• [The task]:
Each entry below should be returned exactly as is, with the pictures removed.

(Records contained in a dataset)
:::

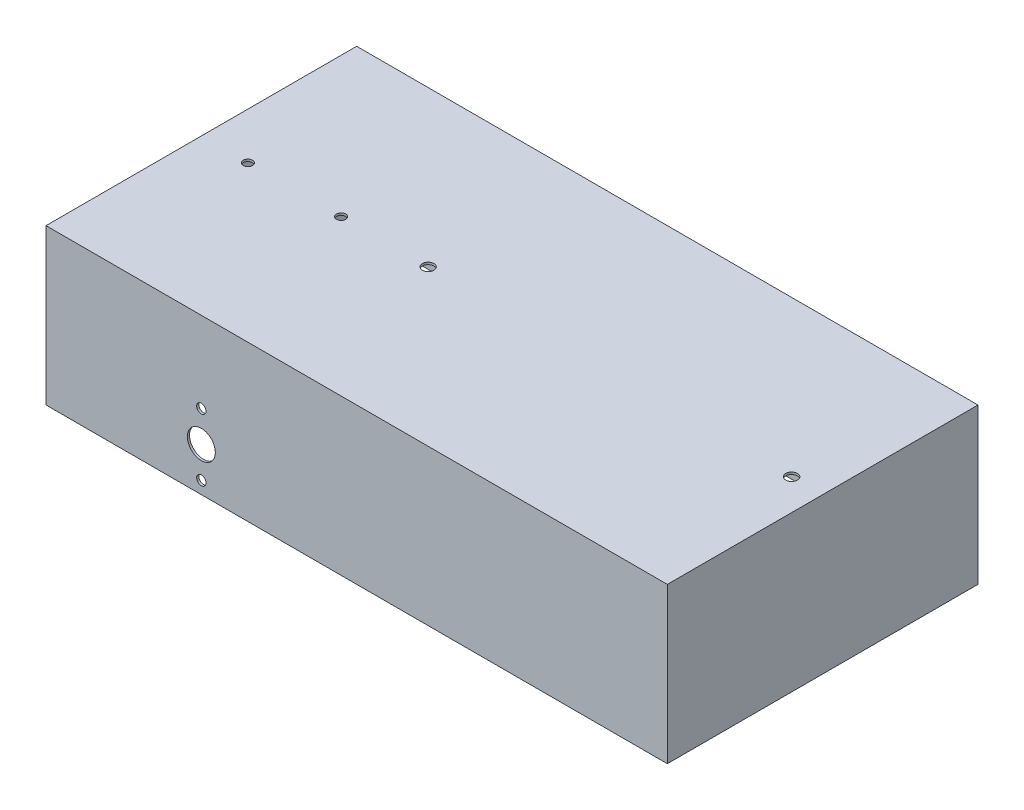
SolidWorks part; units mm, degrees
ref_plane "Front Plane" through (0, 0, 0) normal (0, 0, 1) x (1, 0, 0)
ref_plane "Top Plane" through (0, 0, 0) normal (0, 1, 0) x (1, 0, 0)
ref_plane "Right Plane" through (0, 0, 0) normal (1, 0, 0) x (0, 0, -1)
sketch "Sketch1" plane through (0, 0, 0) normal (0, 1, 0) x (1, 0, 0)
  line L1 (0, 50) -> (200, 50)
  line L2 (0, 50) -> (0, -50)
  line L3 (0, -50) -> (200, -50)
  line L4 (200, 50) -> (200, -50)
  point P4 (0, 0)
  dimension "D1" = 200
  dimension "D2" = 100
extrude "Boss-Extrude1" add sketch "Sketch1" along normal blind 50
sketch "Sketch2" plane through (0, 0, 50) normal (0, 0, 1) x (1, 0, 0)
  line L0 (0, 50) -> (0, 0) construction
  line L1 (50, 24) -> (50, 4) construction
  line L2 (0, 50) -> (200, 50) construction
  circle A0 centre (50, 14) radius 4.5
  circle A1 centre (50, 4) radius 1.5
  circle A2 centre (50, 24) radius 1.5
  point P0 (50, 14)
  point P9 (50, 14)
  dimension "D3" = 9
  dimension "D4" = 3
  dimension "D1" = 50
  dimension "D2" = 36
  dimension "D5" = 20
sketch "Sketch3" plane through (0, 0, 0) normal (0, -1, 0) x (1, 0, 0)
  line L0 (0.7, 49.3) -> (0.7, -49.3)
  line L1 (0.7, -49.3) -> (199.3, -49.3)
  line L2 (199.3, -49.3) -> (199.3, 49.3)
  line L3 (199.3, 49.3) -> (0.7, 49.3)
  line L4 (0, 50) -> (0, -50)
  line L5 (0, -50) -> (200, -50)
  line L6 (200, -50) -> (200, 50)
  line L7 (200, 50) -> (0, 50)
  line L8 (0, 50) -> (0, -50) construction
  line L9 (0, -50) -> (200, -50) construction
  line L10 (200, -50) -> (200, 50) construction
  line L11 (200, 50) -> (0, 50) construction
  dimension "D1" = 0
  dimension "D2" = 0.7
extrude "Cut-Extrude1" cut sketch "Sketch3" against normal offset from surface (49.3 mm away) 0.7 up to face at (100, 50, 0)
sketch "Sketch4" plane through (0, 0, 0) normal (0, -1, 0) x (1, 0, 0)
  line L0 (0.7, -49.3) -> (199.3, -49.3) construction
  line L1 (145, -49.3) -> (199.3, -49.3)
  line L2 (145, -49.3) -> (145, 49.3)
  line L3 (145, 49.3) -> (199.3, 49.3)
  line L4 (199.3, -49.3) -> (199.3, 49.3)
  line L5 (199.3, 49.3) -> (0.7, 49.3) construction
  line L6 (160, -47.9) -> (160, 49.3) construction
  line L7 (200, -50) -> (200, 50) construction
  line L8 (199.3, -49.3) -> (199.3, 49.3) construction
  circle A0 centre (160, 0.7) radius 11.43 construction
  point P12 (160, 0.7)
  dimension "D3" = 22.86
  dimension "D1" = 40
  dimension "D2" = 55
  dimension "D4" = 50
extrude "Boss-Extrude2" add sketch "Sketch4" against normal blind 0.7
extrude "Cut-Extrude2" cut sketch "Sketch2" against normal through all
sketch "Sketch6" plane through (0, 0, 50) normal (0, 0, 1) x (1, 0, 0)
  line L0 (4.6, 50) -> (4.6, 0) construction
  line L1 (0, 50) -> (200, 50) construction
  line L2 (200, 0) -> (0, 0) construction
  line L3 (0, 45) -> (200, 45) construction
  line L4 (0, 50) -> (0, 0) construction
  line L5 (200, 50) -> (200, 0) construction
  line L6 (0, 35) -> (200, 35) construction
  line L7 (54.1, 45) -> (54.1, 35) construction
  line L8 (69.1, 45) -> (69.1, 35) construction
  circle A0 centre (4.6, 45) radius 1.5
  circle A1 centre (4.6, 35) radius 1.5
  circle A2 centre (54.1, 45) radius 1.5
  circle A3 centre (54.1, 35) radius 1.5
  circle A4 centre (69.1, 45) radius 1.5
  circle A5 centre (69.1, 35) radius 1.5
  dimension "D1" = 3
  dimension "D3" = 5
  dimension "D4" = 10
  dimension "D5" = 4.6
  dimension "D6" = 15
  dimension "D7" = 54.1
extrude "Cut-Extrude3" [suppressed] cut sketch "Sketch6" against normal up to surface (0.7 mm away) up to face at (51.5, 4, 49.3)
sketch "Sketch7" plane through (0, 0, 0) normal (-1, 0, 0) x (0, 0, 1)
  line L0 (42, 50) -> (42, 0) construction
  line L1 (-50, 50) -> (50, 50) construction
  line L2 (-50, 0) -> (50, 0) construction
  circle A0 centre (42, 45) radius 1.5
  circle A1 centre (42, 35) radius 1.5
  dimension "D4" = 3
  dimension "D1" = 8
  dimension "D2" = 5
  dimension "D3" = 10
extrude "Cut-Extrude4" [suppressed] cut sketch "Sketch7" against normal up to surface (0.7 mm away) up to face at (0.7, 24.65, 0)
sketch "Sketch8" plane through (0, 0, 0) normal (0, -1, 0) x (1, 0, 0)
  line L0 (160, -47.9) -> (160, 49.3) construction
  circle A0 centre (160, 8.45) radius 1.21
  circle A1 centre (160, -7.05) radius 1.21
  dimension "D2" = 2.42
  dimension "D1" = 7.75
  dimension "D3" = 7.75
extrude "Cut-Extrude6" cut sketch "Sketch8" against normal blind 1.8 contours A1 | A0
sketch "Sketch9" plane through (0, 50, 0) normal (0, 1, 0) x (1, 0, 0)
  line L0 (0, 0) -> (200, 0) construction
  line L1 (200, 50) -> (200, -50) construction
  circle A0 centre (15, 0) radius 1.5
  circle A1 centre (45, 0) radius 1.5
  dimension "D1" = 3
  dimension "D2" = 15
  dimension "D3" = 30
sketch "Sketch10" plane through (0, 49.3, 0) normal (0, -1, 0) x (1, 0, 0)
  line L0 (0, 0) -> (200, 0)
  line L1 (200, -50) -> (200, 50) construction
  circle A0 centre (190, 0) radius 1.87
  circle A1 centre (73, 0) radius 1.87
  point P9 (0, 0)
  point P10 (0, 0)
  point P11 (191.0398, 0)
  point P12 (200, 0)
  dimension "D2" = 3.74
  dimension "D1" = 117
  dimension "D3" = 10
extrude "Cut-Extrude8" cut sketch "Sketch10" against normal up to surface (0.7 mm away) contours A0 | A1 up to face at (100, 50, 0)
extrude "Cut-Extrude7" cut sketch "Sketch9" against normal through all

:::

• [Answer to this exercise]:
SolidWorks part; units mm, degrees
ref_plane "Front Plane" through (0, 0, 0) normal (0, 0, 1) x (1, 0, 0)
ref_plane "Top Plane" through (0, 0, 0) normal (0, 1, 0) x (1, 0, 0)
ref_plane "Right Plane" through (0, 0, 0) normal (1, 0, 0) x (0, 0, -1)
sketch "Sketch1" plane through (0, 0, 0) normal (0, 1, 0) x (1, 0, 0)
  line L1 (0, 50) -> (200, 50)
  line L2 (0, 50) -> (0, -50)
  line L3 (0, -50) -> (200, -50)
  line L4 (200, 50) -> (200, -50)
  point P4 (0, 0)
  dimension "D1" = 200
  dimension "D2" = 100
extrude "Boss-Extrude1" add sketch "Sketch1" along normal blind 50
sketch "Sketch2" plane through (0, 0, 50) normal (0, 0, 1) x (1, 0, 0)
  line L0 (0, 50) -> (0, 0) construction
  line L1 (50, 24) -> (50, 4) construction
  line L2 (0, 50) -> (200, 50) construction
  circle A0 centre (50, 14) radius 4.5
  circle A1 centre (50, 4) radius 1.5
  circle A2 centre (50, 24) radius 1.5
  point P0 (50, 14)
  point P9 (50, 14)
  dimension "D3" = 9
  dimension "D4" = 3
  dimension "D1" = 50
  dimension "D2" = 36
  dimension "D5" = 20
sketch "Sketch3" plane through (0, 0, 0) normal (0, -1, 0) x (1, 0, 0)
  line L0 (0.7, 49.3) -> (0.7, -49.3)
  line L1 (0.7, -49.3) -> (199.3, -49.3)
  line L2 (199.3, -49.3) -> (199.3, 49.3)
  line L3 (199.3, 49.3) -> (0.7, 49.3)
  line L4 (0, 50) -> (0, -50)
  line L5 (0, -50) -> (200, -50)
  line L6 (200, -50) -> (200, 50)
  line L7 (200, 50) -> (0, 50)
  line L8 (0, 50) -> (0, -50) construction
  line L9 (0, -50) -> (200, -50) construction
  line L10 (200, -50) -> (200, 50) construction
  line L11 (200, 50) -> (0, 50) construction
  dimension "D1" = 0
  dimension "D2" = 0.7
extrude "Cut-Extrude1" cut sketch "Sketch3" against normal offset from surface (49.3 mm away) 0.7 up to face at (100, 50, 0)
sketch "Sketch4" plane through (0, 0, 0) normal (0, -1, 0) x (1, 0, 0)
  line L0 (0.7, -49.3) -> (199.3, -49.3) construction
  line L1 (145, -49.3) -> (199.3, -49.3)
  line L2 (145, -49.3) -> (145, 49.3)
  line L3 (145, 49.3) -> (199.3, 49.3)
  line L4 (199.3, -49.3) -> (199.3, 49.3)
  line L5 (199.3, 49.3) -> (0.7, 49.3) construction
  line L6 (160, -47.9) -> (160, 49.3) construction
  line L7 (200, -50) -> (200, 50) construction
  line L8 (199.3, -49.3) -> (199.3, 49.3) construction
  circle A0 centre (160, 0.7) radius 11.43 construction
  point P12 (160, 0.7)
  dimension "D3" = 22.86
  dimension "D1" = 40
  dimension "D2" = 55
  dimension "D4" = 50
extrude "Boss-Extrude2" add sketch "Sketch4" against normal blind 0.7
extrude "Cut-Extrude2" cut sketch "Sketch2" against normal through all
sketch "Sketch6" plane through (0, 0, 50) normal (0, 0, 1) x (1, 0, 0)
  line L0 (4.6, 50) -> (4.6, 0) construction
  line L1 (0, 50) -> (200, 50) construction
  line L2 (200, 0) -> (0, 0) construction
  line L3 (0, 45) -> (200, 45) construction
  line L4 (0, 50) -> (0, 0) construction
  line L5 (200, 50) -> (200, 0) construction
  line L6 (0, 35) -> (200, 35) construction
  line L7 (54.1, 45) -> (54.1, 35) construction
  line L8 (69.1, 45) -> (69.1, 35) construction
  circle A0 centre (4.6, 45) radius 1.5
  circle A1 centre (4.6, 35) radius 1.5
  circle A2 centre (54.1, 45) radius 1.5
  circle A3 centre (54.1, 35) radius 1.5
  circle A4 centre (69.1, 45) radius 1.5
  circle A5 centre (69.1, 35) radius 1.5
  dimension "D1" = 3
  dimension "D3" = 5
  dimension "D4" = 10
  dimension "D5" = 4.6
  dimension "D6" = 15
  dimension "D7" = 54.1
extrude "Cut-Extrude3" [suppressed] cut sketch "Sketch6" against normal up to surface (0.7 mm away) up to face at (51.5, 4, 49.3)
sketch "Sketch7" plane through (0, 0, 0) normal (-1, 0, 0) x (0, 0, 1)
  line L0 (42, 50) -> (42, 0) construction
  line L1 (-50, 50) -> (50, 50) construction
  line L2 (-50, 0) -> (50, 0) construction
  circle A0 centre (42, 45) radius 1.5
  circle A1 centre (42, 35) radius 1.5
  dimension "D4" = 3
  dimension "D1" = 8
  dimension "D2" = 5
  dimension "D3" = 10
extrude "Cut-Extrude4" [suppressed] cut sketch "Sketch7" against normal up to surface (0.7 mm away) up to face at (0.7, 24.65, 0)
sketch "Sketch8" plane through (0, 0, 0) normal (0, -1, 0) x (1, 0, 0)
  line L0 (160, -47.9) -> (160, 49.3) construction
  circle A0 centre (160, 8.45) radius 1.21
  circle A1 centre (160, -7.05) radius 1.21
  dimension "D2" = 2.42
  dimension "D1" = 7.75
  dimension "D3" = 7.75
extrude "Cut-Extrude6" cut sketch "Sketch8" against normal blind 1.8 contours A1 | A0
sketch "Sketch9" plane through (0, 50, 0) normal (0, 1, 0) x (1, 0, 0)
  line L0 (0, 0) -> (200, 0) construction
  line L1 (200, 50) -> (200, -50) construction
  circle A0 centre (15, 0) radius 1.5
  circle A1 centre (45, 0) radius 1.5
  dimension "D1" = 3
  dimension "D2" = 15
  dimension "D3" = 30
sketch "Sketch10" plane through (0, 49.3, 0) normal (0, -1, 0) x (1, 0, 0)
  line L0 (0, 0) -> (200, 0)
  line L1 (200, -50) -> (200, 50) construction
  circle A0 centre (190, 0) radius 1.87
  circle A1 centre (73, 0) radius 1.87
  point P9 (0, 0)
  point P10 (0, 0)
  point P11 (191.0398, 0)
  point P12 (200, 0)
  dimension "D2" = 3.74
  dimension "D1" = 117
  dimension "D3" = 10
extrude "Cut-Extrude8" cut sketch "Sketch10" against normal up to surface (0.7 mm away) contours A0 | A1 up to face at (100, 50, 0)
extrude "Cut-Extrude7" cut sketch "Sketch9" against normal through all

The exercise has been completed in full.